Data listing:
╔══
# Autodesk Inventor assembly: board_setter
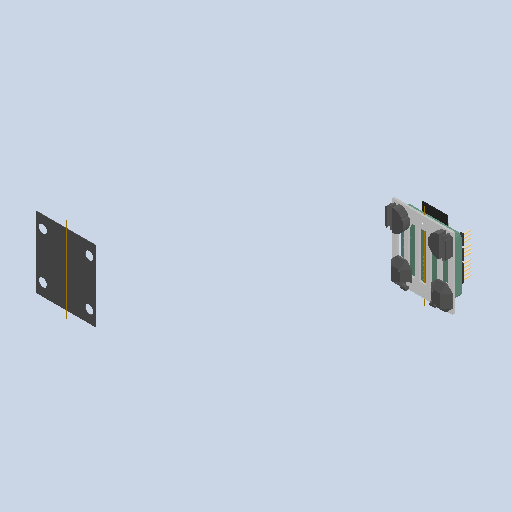
[picture p0: Inventor's stored thumbnail of the model, 512x512]
Saved by Autodesk Inventor 2026.1 (Build 301233020, 233B)
## iProperties
Created: 2024-10-09
Part Number: board_setter
Document SubType Name: Assembly
Designer: hibik
Author: hibik
## Documents named in this file (6)
- C:\Users\hibik\Documents\Robomech\HR\Eglantyne_mark2\hard\under_body\board_setter\board_setter.iam
- C:\Users\hibik\Documents\Robomech\HR\Eglantyne_mark2\hard\under_body\board_setter\board_setter_base.ipt
- C:\Users\hibik\Documents\Robomech\HR\Eglantyne_mark2\hard\needed_model\ControlBoard.iam
- C:\Users\hibik\Documents\Robomech\HR\Eglantyne_mark2\hard\under_body\board_setter\board_setter_cover_under.ipt
- C:\Users\hibik\Documents\Robomech\HR\Eglantyne_mark2\hard\under_body\board_setter\board_setter_upper.ipt
- C:\Users\hibik\Documents\Robomech\HR\Eglantyne_mark2\hard\under_body\board_setter\board_setter_safety.ipt
## Components (5 placed, 5 different names)
1. board_setter_base:1 — 挿入:1, 挿入:2, 角度:1, メイト:1
2. ControlBoard:1 [sub-assembly] — 挿入:3, 角度:1
3. board_setter_cover_under:1 — 挿入:1, 挿入:2, 挿入:3
4. board_setter_upper:1 — メイト:1
5. board_setter_safety:1
## Relationships (5: Insert 3, Angle 1, Mate 1)
- 挿入:1 [Insert]: board_setter_base:1 ↔ board_setter_cover_under:1
- 挿入:2 [Insert]: board_setter_base:1 ↔ board_setter_cover_under:1
- 挿入:3 [Insert]: ControlBoard:1 ↔ board_setter_cover_under:1
- 角度:1 [Angle] (0 deg): board_setter_base:1 ↔ ControlBoard:1
- メイト:1 [Mate]: board_setter_base:1 ↔ board_setter_upper:1
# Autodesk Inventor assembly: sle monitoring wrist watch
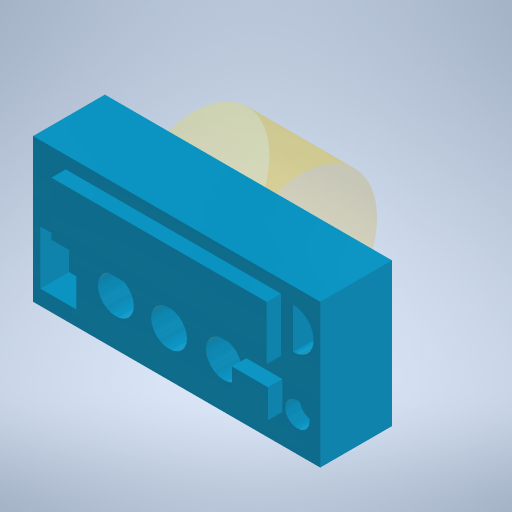
[picture p0: Inventor's stored thumbnail of the model, 512x512]
Saved by Autodesk Inventor 2024 (Build 280153000, 153)
## iProperties
Created: 2024-07-22
Part Number: sle monitoring wrist watch
Document SubType Name: Assembly
Designer: NICODEMUS
Author: NICODEMUS
## Documents named in this file (3)
- C:\Users\NICODEMUS\OneDrive\Dokumente\sle monitoring wrist watch.iam
- C:\Users\NICODEMUS\OneDrive\Dokumente\sle watch.ipt
- C:\Users\NICODEMUS\OneDrive\Dokumente\wrist band.ipt
## Components (2 placed, 2 different names)
1. sle watch:1 — Mate:1
2. wrist band:1 — Mate:1
## Relationships (1: Mate 1)
- Mate:1: sle watch:1 ↔ wrist band:1
╚══
Copy every line from the material in which the word "Created" can be found.

Created: 2024-10-09
Created: 2024-07-22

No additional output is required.